→ Problem:
Only the lines below between the one holding "chamfer(chamfer1_edges, length=CHAMFER1_SIZE)" and the one holding "EXTRUDE_1_DEPTH = 6", inclusive, are to be reproduced word for word; the pictures are to be left out.

[Data extracted from a collection]
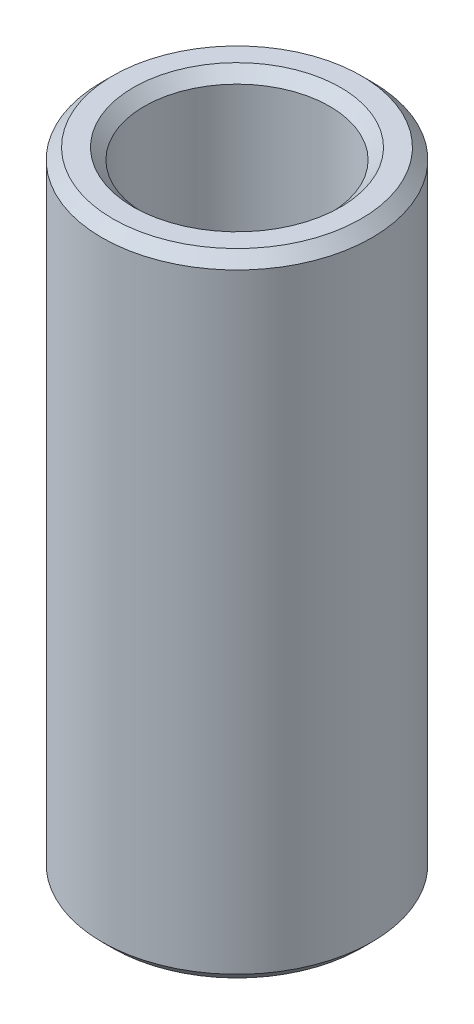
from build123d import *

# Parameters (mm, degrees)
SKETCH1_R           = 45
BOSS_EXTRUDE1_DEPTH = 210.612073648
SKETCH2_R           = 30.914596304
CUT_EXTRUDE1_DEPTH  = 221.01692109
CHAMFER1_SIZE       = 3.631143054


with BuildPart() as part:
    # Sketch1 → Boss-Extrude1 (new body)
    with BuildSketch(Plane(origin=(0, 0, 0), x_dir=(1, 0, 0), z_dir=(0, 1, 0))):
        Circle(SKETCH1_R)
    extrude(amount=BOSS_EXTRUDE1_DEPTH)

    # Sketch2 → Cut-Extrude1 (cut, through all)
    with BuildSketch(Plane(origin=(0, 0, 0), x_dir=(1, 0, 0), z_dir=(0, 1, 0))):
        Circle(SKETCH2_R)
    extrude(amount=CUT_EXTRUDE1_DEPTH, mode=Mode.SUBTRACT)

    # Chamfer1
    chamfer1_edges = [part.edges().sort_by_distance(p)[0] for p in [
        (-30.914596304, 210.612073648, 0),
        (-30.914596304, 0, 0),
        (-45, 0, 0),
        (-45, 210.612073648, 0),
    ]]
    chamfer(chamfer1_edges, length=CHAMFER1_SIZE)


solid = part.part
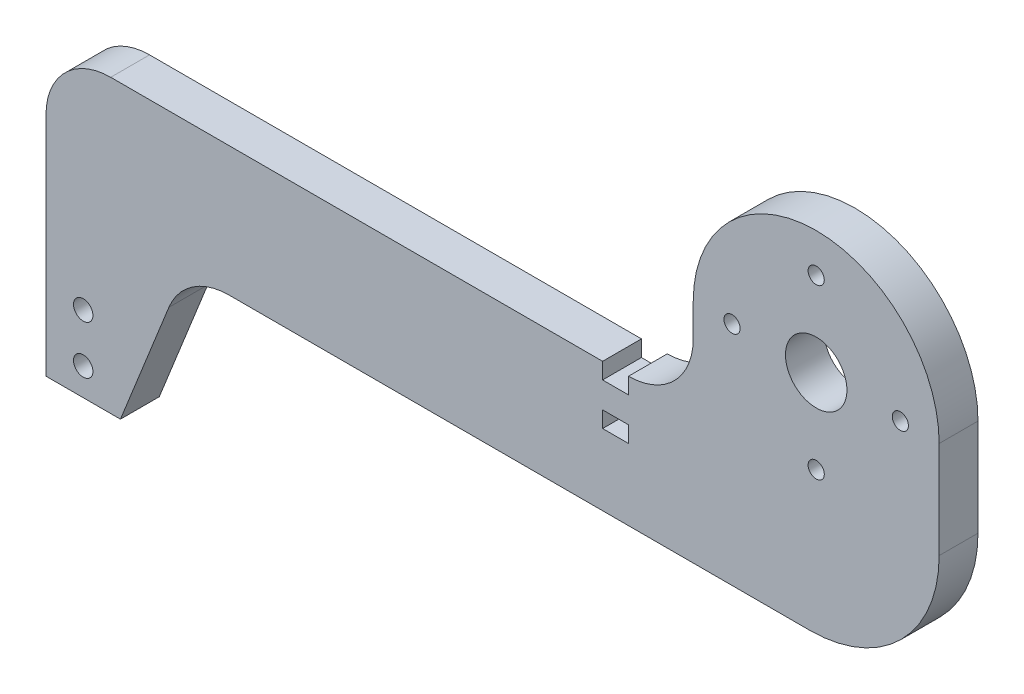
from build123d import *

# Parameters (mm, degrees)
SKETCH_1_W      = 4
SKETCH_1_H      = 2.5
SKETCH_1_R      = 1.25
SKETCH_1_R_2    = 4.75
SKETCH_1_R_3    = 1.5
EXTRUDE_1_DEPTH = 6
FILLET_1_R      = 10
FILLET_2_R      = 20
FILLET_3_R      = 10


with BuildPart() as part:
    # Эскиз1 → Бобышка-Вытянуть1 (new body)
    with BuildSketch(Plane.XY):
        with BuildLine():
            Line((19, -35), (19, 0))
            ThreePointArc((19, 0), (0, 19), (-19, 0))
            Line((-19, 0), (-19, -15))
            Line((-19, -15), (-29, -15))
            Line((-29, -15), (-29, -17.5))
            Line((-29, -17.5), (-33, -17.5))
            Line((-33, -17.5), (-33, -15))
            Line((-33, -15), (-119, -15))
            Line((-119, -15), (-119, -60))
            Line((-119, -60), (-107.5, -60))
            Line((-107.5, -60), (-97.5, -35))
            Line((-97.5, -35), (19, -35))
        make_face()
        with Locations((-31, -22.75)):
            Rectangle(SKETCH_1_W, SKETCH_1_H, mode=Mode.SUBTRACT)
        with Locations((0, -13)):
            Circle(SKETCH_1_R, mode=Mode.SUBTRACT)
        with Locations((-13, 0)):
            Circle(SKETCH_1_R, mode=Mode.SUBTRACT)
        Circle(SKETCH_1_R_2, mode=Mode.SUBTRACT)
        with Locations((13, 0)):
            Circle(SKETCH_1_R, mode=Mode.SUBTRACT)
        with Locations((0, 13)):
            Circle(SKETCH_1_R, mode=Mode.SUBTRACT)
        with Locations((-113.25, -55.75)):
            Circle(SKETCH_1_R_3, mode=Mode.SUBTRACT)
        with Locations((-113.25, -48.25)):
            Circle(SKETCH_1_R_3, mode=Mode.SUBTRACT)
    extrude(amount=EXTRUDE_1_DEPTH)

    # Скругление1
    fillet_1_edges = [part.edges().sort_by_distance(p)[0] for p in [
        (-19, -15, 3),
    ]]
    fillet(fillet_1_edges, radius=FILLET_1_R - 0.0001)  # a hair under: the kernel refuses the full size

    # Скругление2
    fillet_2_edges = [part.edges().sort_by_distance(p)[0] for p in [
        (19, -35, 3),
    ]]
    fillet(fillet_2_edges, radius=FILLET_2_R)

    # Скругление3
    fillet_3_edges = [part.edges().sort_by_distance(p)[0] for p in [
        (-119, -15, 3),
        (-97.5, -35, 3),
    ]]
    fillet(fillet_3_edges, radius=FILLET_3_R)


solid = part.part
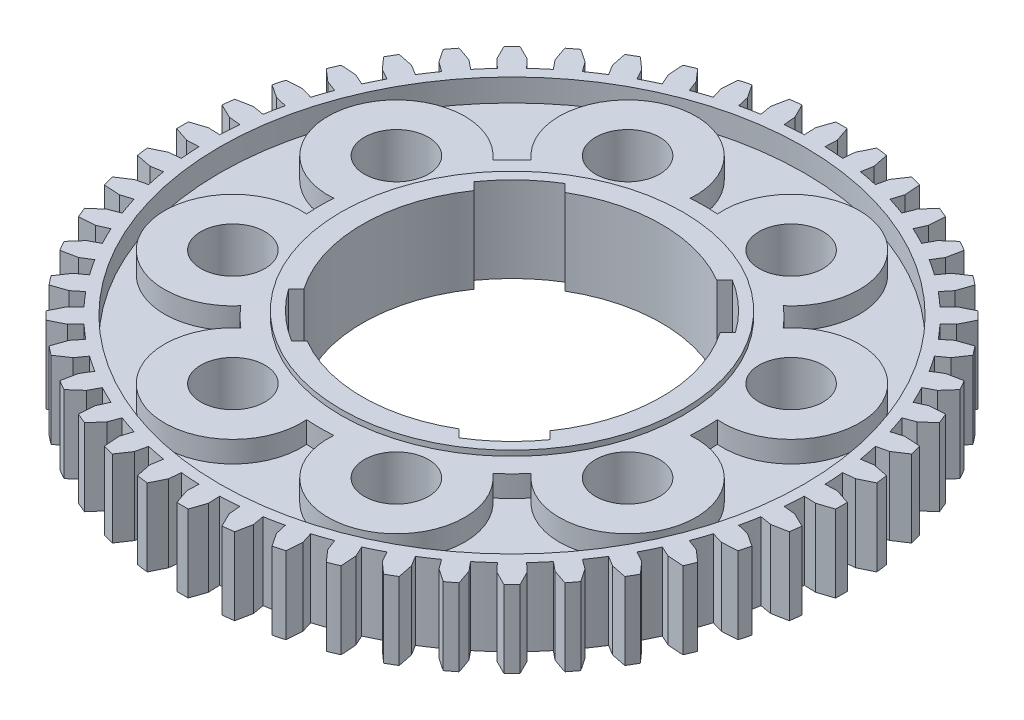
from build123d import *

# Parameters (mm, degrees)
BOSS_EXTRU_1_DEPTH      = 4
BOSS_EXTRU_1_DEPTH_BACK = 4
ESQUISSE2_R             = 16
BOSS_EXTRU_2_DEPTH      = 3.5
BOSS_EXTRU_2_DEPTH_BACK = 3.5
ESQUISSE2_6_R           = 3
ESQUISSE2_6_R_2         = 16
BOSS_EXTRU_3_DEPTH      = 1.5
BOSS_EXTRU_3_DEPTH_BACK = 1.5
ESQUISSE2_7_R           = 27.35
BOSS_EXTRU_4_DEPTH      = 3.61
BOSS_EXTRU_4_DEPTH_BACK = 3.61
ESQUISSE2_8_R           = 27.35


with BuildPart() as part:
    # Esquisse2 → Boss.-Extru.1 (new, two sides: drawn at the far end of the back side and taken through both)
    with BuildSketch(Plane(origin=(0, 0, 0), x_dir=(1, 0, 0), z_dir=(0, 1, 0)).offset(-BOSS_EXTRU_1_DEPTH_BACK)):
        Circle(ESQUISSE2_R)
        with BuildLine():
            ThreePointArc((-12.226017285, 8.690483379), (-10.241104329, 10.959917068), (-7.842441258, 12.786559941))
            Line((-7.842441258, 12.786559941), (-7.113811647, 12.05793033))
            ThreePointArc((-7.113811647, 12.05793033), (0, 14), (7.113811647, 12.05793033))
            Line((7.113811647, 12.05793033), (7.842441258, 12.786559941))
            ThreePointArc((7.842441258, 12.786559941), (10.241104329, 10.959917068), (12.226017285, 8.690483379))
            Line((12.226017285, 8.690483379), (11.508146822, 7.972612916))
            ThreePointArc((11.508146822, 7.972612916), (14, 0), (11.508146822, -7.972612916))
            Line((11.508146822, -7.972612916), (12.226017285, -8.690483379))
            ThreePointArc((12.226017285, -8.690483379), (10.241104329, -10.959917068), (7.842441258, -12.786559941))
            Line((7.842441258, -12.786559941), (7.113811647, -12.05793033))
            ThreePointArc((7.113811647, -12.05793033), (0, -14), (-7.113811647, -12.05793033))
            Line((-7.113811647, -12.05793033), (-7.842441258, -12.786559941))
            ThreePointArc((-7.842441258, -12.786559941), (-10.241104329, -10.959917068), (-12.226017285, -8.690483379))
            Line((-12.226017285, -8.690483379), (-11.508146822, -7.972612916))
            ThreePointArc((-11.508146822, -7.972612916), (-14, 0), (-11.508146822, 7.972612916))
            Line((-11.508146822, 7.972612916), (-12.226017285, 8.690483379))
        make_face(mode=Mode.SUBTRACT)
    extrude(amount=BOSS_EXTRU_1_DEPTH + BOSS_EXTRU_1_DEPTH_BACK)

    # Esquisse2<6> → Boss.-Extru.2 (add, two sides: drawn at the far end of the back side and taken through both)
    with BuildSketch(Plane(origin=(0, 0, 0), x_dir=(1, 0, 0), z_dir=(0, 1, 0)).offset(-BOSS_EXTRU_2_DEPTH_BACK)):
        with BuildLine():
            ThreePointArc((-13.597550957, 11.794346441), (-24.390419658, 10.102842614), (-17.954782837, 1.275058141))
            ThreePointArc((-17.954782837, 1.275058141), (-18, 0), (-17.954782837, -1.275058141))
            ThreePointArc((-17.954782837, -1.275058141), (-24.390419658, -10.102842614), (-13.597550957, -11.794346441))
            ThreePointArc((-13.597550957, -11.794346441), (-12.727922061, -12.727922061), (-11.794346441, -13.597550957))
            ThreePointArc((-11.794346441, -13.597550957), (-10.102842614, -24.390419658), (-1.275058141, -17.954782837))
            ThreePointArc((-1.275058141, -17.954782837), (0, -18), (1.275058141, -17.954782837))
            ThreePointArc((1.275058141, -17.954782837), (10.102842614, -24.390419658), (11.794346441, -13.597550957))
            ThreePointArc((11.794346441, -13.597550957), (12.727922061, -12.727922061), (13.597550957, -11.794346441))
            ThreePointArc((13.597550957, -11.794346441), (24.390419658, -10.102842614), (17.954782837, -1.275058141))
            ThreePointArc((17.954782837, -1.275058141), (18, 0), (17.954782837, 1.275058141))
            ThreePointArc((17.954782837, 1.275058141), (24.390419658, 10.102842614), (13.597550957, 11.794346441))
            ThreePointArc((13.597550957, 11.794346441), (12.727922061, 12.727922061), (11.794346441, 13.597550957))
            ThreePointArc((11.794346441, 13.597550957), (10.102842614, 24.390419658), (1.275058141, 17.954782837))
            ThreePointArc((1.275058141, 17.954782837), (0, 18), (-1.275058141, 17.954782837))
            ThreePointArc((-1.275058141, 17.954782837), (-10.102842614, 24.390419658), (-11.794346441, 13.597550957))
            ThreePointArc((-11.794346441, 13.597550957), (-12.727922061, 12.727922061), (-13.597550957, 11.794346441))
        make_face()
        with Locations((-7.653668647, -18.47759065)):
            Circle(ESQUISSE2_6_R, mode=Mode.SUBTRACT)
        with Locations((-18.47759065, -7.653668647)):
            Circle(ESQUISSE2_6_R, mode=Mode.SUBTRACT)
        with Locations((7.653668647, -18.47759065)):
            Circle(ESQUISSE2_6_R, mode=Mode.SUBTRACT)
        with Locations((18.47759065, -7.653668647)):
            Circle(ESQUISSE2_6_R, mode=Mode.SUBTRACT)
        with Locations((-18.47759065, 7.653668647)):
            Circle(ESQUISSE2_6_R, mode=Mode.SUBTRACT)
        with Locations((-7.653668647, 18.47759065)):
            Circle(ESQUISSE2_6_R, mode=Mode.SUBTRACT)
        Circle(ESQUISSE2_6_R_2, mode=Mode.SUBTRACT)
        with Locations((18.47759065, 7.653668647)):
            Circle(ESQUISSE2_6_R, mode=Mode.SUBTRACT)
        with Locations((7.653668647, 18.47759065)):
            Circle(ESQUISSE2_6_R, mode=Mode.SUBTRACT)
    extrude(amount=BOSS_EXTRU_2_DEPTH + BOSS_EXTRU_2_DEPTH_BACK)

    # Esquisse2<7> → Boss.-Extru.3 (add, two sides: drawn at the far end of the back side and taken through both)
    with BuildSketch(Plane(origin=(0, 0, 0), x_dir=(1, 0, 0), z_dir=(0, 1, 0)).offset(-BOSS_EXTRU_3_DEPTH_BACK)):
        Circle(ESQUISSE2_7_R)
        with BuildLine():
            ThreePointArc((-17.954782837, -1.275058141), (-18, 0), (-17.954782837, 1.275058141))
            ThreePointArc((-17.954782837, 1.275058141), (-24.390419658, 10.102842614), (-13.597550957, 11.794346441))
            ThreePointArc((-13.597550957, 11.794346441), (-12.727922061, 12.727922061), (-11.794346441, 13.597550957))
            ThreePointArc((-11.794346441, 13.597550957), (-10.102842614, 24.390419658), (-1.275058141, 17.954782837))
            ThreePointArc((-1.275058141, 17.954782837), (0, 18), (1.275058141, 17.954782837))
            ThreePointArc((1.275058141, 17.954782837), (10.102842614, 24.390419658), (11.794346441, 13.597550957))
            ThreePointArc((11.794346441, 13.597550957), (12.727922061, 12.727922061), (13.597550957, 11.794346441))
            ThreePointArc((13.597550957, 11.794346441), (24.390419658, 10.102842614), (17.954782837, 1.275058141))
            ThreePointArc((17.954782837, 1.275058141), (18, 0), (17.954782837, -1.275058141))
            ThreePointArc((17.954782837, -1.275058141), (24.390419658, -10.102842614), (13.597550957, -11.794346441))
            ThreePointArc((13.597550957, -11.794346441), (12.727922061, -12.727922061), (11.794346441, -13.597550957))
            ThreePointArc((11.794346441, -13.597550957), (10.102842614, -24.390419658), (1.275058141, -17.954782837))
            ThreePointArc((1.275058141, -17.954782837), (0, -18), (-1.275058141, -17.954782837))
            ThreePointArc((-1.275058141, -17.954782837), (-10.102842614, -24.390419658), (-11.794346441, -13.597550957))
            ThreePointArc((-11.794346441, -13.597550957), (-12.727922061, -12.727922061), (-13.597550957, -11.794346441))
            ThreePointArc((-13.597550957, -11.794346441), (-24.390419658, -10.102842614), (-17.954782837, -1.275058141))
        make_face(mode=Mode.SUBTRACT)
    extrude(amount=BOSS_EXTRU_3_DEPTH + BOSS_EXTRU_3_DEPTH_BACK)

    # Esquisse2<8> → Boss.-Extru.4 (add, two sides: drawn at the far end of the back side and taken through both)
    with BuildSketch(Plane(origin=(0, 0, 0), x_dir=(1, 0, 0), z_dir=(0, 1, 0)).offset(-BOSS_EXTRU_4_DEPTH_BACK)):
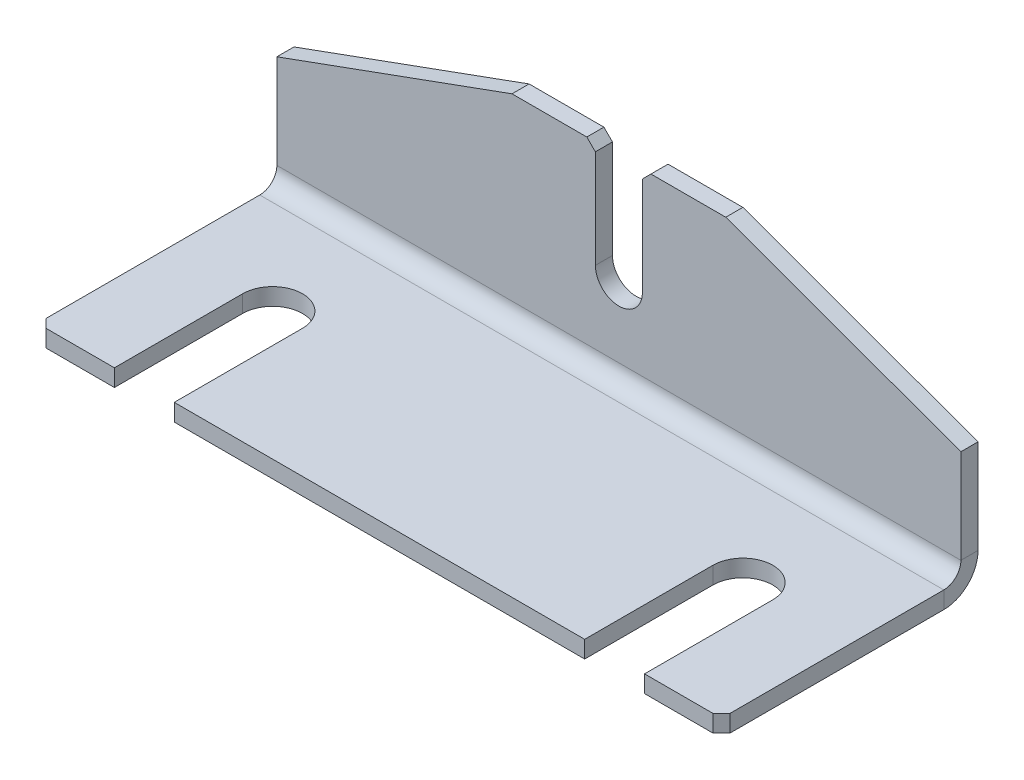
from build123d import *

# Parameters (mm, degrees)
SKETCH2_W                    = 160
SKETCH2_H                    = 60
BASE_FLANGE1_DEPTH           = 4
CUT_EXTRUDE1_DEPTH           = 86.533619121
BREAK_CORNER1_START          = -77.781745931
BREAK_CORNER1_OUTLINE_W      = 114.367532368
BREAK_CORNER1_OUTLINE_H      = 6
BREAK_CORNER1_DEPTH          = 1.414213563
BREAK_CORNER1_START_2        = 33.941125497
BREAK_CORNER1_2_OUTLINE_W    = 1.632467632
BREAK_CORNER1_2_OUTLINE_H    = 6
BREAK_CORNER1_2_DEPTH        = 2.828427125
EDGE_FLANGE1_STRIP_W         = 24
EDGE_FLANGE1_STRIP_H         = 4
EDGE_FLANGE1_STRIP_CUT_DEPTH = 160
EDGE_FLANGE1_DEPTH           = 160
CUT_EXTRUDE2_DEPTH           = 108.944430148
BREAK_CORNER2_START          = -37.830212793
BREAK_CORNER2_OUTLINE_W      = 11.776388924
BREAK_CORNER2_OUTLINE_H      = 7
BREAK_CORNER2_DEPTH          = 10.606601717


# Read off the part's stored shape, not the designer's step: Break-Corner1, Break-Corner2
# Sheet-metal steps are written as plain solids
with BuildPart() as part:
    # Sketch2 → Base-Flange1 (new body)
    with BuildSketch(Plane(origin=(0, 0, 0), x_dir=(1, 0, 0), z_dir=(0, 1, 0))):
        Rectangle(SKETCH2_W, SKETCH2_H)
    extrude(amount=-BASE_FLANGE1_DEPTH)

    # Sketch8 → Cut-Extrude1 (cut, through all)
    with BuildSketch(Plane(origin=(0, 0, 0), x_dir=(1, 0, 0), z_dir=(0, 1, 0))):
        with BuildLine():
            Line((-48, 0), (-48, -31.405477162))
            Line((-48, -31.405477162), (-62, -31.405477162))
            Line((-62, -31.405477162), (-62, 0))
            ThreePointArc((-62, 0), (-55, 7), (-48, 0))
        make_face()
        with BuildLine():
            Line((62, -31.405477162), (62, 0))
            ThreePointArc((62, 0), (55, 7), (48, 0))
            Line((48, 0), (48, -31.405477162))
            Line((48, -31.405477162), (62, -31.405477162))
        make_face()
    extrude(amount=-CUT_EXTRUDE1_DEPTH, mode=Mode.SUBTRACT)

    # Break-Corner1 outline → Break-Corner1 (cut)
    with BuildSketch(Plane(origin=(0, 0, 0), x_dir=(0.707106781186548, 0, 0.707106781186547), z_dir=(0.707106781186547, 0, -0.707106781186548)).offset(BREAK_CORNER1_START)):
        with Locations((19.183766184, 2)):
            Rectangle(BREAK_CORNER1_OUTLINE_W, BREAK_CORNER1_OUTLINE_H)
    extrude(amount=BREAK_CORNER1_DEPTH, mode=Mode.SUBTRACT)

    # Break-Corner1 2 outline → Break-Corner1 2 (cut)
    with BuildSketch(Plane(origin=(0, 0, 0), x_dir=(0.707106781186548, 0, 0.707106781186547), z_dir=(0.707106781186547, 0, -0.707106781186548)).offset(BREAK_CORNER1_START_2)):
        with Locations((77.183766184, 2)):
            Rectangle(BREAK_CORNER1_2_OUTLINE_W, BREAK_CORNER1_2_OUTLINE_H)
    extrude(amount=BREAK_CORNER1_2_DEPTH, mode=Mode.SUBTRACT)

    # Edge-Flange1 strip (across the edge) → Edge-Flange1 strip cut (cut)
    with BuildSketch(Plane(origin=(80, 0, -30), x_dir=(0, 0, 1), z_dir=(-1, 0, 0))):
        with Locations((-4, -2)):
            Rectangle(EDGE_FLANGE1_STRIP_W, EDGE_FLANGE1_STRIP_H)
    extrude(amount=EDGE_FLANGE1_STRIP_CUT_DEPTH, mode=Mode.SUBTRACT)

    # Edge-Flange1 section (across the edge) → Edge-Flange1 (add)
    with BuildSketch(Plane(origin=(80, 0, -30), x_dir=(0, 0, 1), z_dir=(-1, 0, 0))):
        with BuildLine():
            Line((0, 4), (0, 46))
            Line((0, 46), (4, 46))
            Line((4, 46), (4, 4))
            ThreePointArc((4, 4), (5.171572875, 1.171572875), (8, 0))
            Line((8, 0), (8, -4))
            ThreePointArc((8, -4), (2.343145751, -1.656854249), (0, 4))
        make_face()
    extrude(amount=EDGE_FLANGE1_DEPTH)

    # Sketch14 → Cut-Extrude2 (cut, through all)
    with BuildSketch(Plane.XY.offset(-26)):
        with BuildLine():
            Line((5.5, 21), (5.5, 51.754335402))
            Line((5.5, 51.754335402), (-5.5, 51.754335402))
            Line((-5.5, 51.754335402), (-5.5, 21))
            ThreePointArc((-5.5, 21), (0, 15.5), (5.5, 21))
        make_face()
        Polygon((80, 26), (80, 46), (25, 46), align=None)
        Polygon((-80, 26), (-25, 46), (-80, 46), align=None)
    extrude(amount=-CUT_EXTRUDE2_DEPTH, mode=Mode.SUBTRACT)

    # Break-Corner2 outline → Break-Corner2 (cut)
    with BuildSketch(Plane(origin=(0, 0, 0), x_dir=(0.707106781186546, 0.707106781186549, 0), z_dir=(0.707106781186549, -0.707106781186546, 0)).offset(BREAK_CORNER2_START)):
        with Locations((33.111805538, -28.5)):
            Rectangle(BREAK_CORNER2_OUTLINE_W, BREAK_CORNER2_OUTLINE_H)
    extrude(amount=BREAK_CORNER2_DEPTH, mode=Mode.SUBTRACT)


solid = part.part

→ Exercise output:
    chamfer(chamfer1_edges, length=CHAMFER1_SIZE)


solid = part.part
from build123d import *

# Parameters (mm, degrees)
SKETCH_1_W      = 4
SKETCH_1_H      = 2.5
SKETCH_1_R      = 1.25
SKETCH_1_R_2    = 4.75
SKETCH_1_R_3    = 1.5
EXTRUDE_1_DEPTH = 6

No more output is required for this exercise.